1、概述意法半导体（ST）公司推出的离线（off-line）高压变换器系列IC又增加了一个新的成员——VIPER28。

这种新型器件是一种将800V 功率MOSFET和高性能低压PWM控制器组合在一起的IC。

VIPER28其它功能和电路主要有两电平过电流保护、过电压和过载保护、滞后热保护、软启动和故障解除之后的自动重新启动。

突发（burst）模式操作和非常低的功率消耗满足待机（standby）节能规范。

先进的频率抖动可以降低电磁干扰（EMI）滤波器的成本。

高压启动电路已嵌入到芯片上。

VIPER28的工作频率有60KHz（VIPER28LN）和115KHz （VIPER28HN）两种。
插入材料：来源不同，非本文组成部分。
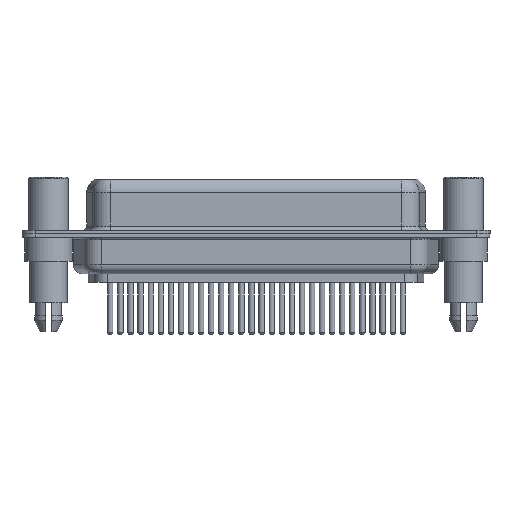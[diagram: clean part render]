
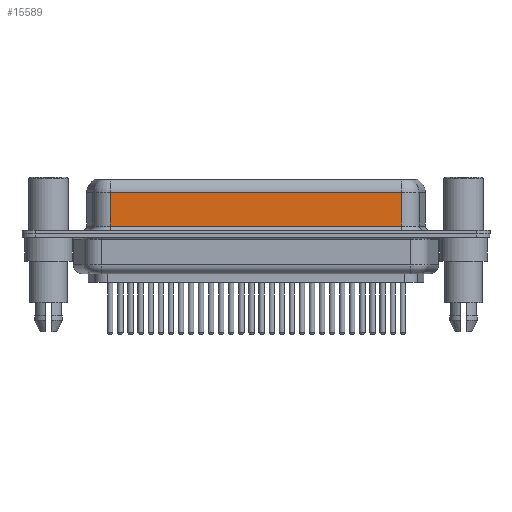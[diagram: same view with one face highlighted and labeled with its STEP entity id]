
A CAD part, front view. The second image highlights one B-rep face of the part: STEP entity #15589.
In plain terms, the highlighted planar face has unit normal (0, -1, 0).
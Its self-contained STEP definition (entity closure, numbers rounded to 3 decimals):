
#44 = VECTOR ( 'NONE', #13959, 1000. ) ;
#363 = ORIENTED_EDGE ( 'NONE', *, *, #25148, .T. ) ;
#645 = ORIENTED_EDGE ( 'NONE', *, *, #2329, .F. ) ;
#1541 = VERTEX_POINT ( 'NONE', #12913 ) ;
#2105 = EDGE_CURVE ( 'NONE', #30718, #3298, #25615, .T. ) ;
#2329 = EDGE_CURVE ( 'NONE', #30718, #1541, #24325, .T. ) ;
#2403 = DIRECTION ( 'NONE',  ( 0., 0., 1. ) ) ;
#2697 = CARTESIAN_POINT ( 'NONE',  ( 7.013, -3.95, 0.9 ) ) ;
#3298 = VERTEX_POINT ( 'NONE', #26078 ) ;
#3687 = LINE ( 'NONE', #8154, #13021 ) ;
#5118 = PLANE ( 'NONE',  #11870 ) ;
#7488 = DIRECTION ( 'NONE',  ( 0., 1., 0. ) ) ;
#7720 = LINE ( 'NONE', #17481, #9463 ) ;
#8154 = CARTESIAN_POINT ( 'NONE',  ( 7.013, -3.95, 6.4 ) ) ;
#8189 = CARTESIAN_POINT ( 'NONE',  ( 40.037, -3.95, 6.4 ) ) ;
#9463 = VECTOR ( 'NONE', #24818, 1000. ) ;
#10256 = VERTEX_POINT ( 'NONE', #2697 ) ;
#11184 = DIRECTION ( 'NONE',  ( 0., 0., -1. ) ) ;
#11870 = AXIS2_PLACEMENT_3D ( 'NONE', #21727, #7488, #2403 ) ;
#12838 = DIRECTION ( 'NONE',  ( 0., 0., -1. ) ) ;
#12913 = CARTESIAN_POINT ( 'NONE',  ( 40.037, -3.95, 0.9 ) ) ;
#13021 = VECTOR ( 'NONE', #11184, 1000. ) ;
#13959 = DIRECTION ( 'NONE',  ( -1., 0., 0. ) ) ;
#15589 = ADVANCED_FACE ( 'NONE', ( #16934 ), #5118, .F. ) ;
#16934 = FACE_OUTER_BOUND ( 'NONE', #29616, .T. ) ;
#17481 = CARTESIAN_POINT ( 'NONE',  ( 40.037, -3.95, 0.9 ) ) ;
#18504 = ORIENTED_EDGE ( 'NONE', *, *, #2105, .T. ) ;
#18689 = CARTESIAN_POINT ( 'NONE',  ( 40.037, -3.95, 4.65 ) ) ;
#21000 = CARTESIAN_POINT ( 'NONE',  ( 40.037, -3.95, 4.65 ) ) ;
#21727 = CARTESIAN_POINT ( 'NONE',  ( 40.037, -3.95, 6.4 ) ) ;
#24325 = LINE ( 'NONE', #8189, #30387 ) ;
#24818 = DIRECTION ( 'NONE',  ( 1., 0., 0. ) ) ;
#25148 = EDGE_CURVE ( 'NONE', #3298, #10256, #3687, .T. ) ;
#25615 = LINE ( 'NONE', #21000, #44 ) ;
#25896 = EDGE_CURVE ( 'NONE', #10256, #1541, #7720, .T. ) ;
#26078 = CARTESIAN_POINT ( 'NONE',  ( 7.013, -3.95, 4.65 ) ) ;
#26777 = ORIENTED_EDGE ( 'NONE', *, *, #25896, .T. ) ;
#29616 = EDGE_LOOP ( 'NONE', ( #645, #18504, #363, #26777 ) ) ;
#30387 = VECTOR ( 'NONE', #12838, 1000. ) ;
#30718 = VERTEX_POINT ( 'NONE', #18689 ) ;

2、VIPER28的基本结构和引脚功能VIPER28主要由高性能低压PWM控制器和带电流感测的高压MOSFET两个部分组成，芯片电路组成如图1所示。

VIPER28的控制器电路包含带频率颤抖特性的振荡器、带软启动特征的启动电路、PWM逻辑、带可调设定点的电流限制电路、第二过电流保护电路、突发模式管理电路、额外电源管理（EPT）电路、欠电压锁定（UVLO）电路、自动重新启动电路和热保护电路等。

栅极驱动器驱动一个BV DSS≥800V、RDS（on）=7Ω（在25℃时）的N沟道功率MOSFET。

这种集成MOSFET由于带有各种无损耗电流感测特性，故被称为“SenseFET”。

VIPER28采用7引脚双列直插式（DIP）封装，外形与引脚排列如图2所示。

VIPER28的各个引脚功能见表1。

3、主要性能与特点VIPER28的主要性能与特点有：（1）集低压PWM控制器与800V的SenseFET与同一芯片上，仅需外加少量元件，即可构建高性能的宽范围AC输入的反激式离线转换器。